YOUR TASK ▸
Tally the lines below that hold the string "through", and give only the tally.

── LISTED RECORDS

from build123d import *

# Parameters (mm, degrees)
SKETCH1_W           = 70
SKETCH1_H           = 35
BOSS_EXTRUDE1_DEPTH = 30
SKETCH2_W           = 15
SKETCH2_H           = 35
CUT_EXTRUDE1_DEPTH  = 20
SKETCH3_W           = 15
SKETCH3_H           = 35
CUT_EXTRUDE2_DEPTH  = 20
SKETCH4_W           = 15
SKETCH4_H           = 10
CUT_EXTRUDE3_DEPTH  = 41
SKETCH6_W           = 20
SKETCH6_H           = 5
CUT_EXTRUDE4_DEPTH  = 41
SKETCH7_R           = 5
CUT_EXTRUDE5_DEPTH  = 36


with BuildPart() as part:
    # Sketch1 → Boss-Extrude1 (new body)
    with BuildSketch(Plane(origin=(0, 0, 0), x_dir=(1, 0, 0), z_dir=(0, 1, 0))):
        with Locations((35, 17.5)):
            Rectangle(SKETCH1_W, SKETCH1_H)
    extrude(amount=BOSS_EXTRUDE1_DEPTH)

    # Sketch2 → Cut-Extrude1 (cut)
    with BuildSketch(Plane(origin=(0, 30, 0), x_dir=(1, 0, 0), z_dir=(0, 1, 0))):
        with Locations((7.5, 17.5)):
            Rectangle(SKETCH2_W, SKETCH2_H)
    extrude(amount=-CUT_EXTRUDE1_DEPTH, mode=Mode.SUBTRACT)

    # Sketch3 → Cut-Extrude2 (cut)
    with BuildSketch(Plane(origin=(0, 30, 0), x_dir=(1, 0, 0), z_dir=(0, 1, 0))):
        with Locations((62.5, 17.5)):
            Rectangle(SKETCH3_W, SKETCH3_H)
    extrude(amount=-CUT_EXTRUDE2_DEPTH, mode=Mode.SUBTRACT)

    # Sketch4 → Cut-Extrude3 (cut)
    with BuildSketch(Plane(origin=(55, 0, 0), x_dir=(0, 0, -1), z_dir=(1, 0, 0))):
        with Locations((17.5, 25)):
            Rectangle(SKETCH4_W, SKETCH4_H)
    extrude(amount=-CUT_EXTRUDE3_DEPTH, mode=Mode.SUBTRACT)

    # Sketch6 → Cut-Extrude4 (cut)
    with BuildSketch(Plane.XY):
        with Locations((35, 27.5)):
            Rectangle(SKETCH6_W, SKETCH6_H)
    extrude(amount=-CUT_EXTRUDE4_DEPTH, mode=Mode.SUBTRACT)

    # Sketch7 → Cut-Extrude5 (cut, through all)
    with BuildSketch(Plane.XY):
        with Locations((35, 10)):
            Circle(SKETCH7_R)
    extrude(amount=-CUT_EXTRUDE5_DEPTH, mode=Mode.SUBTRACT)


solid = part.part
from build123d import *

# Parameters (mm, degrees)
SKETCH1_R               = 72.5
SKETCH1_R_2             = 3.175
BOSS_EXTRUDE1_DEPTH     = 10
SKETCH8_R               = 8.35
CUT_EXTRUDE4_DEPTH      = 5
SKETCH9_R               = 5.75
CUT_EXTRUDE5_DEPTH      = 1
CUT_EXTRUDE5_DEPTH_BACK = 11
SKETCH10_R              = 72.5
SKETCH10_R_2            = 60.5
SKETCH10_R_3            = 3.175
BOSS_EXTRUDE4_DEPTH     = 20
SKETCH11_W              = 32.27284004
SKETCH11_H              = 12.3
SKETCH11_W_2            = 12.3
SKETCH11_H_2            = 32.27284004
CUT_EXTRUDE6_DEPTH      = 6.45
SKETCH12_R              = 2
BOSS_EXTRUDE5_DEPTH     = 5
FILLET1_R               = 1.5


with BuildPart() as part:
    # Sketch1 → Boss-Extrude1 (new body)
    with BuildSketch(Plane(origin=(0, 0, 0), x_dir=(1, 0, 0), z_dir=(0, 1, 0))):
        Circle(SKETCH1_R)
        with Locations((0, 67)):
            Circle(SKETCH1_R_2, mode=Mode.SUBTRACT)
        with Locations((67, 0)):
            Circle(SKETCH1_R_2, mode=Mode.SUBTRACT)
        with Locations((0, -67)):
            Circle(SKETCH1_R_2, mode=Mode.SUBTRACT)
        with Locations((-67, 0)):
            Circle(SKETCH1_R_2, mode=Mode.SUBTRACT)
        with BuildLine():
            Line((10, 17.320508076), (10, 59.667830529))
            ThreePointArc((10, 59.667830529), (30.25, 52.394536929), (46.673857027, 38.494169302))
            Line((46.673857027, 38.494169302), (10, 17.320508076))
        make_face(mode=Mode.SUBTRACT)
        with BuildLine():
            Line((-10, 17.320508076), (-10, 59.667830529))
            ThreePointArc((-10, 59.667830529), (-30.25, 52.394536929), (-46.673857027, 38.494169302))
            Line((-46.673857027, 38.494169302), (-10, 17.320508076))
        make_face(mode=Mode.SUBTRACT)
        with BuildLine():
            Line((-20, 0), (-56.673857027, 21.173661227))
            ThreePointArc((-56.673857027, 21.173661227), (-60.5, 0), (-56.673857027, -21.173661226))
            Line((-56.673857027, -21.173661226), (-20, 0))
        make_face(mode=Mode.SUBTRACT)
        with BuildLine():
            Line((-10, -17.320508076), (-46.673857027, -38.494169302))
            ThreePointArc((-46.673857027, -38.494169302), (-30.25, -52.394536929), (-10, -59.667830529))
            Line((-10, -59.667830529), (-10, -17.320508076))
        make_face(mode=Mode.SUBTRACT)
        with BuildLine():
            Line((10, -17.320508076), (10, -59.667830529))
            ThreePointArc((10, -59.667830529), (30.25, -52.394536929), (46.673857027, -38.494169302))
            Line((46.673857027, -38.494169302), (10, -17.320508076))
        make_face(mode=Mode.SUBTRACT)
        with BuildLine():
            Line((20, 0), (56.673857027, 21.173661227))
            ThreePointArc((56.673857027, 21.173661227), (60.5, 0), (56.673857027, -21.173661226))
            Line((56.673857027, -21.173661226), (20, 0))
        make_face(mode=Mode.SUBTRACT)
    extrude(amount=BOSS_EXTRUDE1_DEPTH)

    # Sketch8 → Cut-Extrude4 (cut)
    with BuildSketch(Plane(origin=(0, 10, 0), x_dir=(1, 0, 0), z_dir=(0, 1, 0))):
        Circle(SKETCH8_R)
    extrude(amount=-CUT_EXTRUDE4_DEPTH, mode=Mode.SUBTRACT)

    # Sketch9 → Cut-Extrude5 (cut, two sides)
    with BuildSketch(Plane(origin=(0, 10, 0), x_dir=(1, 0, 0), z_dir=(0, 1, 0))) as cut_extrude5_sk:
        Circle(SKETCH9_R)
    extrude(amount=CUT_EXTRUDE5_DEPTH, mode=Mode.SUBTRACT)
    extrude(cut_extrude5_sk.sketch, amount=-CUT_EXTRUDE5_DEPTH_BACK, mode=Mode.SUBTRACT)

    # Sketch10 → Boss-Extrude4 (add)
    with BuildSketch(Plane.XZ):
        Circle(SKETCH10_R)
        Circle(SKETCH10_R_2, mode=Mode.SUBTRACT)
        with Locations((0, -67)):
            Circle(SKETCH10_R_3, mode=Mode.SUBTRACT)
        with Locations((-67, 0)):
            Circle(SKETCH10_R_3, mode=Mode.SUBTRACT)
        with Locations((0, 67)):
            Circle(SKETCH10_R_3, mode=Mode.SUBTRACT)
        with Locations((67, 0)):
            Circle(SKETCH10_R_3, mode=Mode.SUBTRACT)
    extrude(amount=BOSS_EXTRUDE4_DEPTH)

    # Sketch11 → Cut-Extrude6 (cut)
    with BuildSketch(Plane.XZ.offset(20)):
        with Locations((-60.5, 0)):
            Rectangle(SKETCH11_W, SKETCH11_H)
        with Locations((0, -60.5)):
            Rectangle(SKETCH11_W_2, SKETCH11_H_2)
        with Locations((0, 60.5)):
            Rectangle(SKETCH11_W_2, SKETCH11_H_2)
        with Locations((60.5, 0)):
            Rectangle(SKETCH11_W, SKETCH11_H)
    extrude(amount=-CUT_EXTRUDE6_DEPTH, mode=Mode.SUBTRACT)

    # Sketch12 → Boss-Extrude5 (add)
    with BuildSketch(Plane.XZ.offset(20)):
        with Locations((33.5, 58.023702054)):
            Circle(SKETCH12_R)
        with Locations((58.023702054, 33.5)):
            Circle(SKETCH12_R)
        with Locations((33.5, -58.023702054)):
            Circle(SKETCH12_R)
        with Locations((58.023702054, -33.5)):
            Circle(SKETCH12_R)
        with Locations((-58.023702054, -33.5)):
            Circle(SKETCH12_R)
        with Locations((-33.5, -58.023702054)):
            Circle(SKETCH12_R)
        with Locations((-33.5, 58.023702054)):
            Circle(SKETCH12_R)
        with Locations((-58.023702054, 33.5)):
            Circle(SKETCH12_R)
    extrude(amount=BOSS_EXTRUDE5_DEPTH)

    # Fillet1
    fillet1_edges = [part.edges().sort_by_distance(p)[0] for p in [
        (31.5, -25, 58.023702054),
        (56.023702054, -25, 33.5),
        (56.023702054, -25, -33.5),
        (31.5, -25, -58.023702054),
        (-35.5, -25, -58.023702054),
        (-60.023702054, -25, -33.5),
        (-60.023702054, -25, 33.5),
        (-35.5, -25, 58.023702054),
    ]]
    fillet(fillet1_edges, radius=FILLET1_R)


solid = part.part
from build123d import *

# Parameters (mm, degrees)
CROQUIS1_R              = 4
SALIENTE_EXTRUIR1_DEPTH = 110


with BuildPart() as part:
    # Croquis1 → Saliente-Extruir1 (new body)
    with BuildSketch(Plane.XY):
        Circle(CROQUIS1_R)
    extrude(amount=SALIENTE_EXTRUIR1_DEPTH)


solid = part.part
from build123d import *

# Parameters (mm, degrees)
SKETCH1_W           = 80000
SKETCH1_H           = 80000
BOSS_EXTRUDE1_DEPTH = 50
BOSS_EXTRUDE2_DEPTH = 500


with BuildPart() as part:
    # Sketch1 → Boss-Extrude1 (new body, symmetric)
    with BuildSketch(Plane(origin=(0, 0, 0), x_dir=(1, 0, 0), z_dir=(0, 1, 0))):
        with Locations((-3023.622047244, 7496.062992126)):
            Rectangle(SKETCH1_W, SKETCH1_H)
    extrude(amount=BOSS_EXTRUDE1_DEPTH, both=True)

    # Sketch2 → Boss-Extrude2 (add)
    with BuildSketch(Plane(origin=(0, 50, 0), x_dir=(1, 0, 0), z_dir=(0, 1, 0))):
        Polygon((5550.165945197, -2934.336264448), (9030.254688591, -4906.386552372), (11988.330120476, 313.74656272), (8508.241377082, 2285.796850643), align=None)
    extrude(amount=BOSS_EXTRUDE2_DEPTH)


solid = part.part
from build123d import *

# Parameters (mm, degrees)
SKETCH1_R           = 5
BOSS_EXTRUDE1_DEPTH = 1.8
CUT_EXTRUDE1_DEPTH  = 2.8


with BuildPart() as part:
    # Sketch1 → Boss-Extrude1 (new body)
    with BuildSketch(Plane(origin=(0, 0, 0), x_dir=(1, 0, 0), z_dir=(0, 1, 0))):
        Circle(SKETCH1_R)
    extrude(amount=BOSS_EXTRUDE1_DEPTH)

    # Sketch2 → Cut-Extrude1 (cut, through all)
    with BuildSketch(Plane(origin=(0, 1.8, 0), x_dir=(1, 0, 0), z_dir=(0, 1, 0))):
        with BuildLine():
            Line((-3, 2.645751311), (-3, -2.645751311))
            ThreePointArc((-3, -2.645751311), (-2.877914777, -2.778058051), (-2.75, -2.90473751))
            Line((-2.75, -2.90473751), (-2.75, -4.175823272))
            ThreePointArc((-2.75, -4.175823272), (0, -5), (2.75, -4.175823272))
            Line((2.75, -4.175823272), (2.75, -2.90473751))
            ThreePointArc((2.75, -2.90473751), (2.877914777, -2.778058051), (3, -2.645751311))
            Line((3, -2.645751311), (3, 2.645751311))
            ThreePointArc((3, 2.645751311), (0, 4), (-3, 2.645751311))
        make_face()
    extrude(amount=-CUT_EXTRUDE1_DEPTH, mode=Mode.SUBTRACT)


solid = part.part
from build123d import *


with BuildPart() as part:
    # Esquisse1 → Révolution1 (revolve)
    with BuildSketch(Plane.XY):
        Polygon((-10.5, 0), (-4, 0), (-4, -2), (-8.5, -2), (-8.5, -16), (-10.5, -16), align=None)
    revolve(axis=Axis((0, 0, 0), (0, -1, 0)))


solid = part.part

────

ANSWER SPACE ▸
2